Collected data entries
───

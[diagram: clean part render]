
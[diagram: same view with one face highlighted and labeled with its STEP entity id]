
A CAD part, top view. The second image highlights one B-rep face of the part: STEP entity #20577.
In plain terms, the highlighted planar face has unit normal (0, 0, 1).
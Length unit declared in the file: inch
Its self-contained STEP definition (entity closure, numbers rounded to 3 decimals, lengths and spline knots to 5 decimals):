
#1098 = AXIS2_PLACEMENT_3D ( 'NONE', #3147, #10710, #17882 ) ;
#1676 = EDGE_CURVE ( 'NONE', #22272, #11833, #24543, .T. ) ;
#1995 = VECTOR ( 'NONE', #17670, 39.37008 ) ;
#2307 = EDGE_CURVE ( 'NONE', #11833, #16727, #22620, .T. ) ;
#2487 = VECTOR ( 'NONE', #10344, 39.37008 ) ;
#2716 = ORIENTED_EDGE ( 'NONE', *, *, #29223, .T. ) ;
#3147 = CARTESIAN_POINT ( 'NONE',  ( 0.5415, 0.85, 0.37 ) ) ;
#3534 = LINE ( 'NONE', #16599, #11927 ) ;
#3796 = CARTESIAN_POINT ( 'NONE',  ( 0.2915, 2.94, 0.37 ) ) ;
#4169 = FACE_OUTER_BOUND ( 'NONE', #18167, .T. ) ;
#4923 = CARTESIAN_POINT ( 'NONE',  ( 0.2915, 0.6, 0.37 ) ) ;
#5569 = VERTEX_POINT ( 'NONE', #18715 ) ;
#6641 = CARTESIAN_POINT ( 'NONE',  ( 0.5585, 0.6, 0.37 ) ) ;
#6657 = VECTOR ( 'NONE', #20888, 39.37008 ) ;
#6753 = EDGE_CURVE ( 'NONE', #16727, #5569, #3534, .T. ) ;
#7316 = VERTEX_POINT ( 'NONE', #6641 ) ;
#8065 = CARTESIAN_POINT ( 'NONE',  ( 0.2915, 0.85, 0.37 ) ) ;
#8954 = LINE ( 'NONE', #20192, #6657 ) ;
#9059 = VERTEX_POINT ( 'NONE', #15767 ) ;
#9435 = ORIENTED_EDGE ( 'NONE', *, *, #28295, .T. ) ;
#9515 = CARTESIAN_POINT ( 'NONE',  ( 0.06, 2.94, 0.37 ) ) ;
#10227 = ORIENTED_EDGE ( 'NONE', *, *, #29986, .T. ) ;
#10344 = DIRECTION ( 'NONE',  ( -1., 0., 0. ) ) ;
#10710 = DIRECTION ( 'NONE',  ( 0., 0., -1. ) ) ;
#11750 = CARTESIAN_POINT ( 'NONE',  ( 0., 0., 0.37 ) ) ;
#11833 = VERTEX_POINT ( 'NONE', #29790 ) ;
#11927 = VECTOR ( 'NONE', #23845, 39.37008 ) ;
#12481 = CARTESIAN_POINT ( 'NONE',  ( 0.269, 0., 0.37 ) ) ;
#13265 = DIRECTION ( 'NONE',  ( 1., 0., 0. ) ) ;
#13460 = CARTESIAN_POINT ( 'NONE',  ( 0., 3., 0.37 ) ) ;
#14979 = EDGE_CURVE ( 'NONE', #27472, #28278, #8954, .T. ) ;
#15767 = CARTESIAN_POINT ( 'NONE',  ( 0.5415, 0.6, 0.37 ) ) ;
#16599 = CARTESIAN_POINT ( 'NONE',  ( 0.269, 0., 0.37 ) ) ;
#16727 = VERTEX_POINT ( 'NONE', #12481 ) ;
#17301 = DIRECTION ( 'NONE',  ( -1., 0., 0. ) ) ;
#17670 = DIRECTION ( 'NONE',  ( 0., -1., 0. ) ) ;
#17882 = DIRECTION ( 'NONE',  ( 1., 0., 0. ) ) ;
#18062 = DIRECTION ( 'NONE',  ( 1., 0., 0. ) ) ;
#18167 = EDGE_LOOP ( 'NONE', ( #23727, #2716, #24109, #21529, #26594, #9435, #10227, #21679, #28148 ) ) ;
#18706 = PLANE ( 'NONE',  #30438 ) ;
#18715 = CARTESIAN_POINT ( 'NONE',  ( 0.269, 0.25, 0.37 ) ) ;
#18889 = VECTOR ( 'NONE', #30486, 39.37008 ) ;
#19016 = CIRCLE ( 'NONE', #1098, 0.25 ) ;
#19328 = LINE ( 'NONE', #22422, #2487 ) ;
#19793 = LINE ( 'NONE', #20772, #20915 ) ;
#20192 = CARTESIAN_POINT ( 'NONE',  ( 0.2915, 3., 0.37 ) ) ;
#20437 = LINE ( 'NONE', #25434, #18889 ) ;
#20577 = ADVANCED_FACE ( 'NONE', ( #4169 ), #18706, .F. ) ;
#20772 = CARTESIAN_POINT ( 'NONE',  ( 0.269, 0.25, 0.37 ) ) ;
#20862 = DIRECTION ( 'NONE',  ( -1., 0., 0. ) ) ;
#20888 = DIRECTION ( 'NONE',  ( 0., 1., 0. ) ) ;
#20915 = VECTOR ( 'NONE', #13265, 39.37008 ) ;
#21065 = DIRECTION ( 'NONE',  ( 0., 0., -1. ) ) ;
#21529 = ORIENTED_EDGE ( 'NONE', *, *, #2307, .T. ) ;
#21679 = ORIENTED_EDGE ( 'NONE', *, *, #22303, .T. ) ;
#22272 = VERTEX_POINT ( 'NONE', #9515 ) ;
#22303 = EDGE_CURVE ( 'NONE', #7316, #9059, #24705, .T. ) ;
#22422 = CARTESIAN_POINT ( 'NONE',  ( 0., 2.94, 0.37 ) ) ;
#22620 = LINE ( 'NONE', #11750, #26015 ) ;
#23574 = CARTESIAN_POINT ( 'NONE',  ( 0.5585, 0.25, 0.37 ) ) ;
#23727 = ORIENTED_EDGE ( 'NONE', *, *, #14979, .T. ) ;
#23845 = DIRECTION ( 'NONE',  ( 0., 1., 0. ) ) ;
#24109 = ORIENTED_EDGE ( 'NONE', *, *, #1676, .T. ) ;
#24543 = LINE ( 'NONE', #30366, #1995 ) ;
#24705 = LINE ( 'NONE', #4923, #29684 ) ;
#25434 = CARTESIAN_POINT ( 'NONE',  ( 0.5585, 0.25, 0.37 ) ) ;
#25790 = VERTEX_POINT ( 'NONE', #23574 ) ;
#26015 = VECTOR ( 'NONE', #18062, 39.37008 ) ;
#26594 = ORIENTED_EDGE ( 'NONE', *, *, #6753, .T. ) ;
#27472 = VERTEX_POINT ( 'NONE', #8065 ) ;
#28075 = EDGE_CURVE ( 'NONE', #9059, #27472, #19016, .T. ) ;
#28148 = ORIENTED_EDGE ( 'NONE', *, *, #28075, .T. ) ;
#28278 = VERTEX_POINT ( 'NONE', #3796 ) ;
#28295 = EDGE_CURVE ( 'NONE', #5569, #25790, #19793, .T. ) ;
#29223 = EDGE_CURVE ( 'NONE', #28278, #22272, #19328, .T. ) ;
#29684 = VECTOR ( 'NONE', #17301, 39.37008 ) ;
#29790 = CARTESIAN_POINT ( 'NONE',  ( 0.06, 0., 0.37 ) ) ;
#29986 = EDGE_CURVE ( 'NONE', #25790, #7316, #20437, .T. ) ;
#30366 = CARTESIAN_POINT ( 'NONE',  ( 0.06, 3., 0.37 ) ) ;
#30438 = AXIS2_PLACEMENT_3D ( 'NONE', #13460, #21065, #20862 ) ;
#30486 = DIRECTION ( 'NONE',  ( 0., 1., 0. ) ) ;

───

Return, word for word, the lines of the data above from the line with "#23574 = CARTESIAN_POINT" through the line with "#27472 = VERTEX_POINT ( 'NONE', #8065 ) ;", inclusive.

#23574 = CARTESIAN_POINT ( 'NONE',  ( 0.5585, 0.25, 0.37 ) ) ;
#23727 = ORIENTED_EDGE ( 'NONE', *, *, #14979, .T. ) ;
#23845 = DIRECTION ( 'NONE',  ( 0., 1., 0. ) ) ;
#24109 = ORIENTED_EDGE ( 'NONE', *, *, #1676, .T. ) ;
#24543 = LINE ( 'NONE', #30366, #1995 ) ;
#24705 = LINE ( 'NONE', #4923, #29684 ) ;
#25434 = CARTESIAN_POINT ( 'NONE',  ( 0.5585, 0.25, 0.37 ) ) ;
#25790 = VERTEX_POINT ( 'NONE', #23574 ) ;
#26015 = VECTOR ( 'NONE', #18062, 39.37008 ) ;
#26594 = ORIENTED_EDGE ( 'NONE', *, *, #6753, .T. ) ;
#27472 = VERTEX_POINT ( 'NONE', #8065 ) ;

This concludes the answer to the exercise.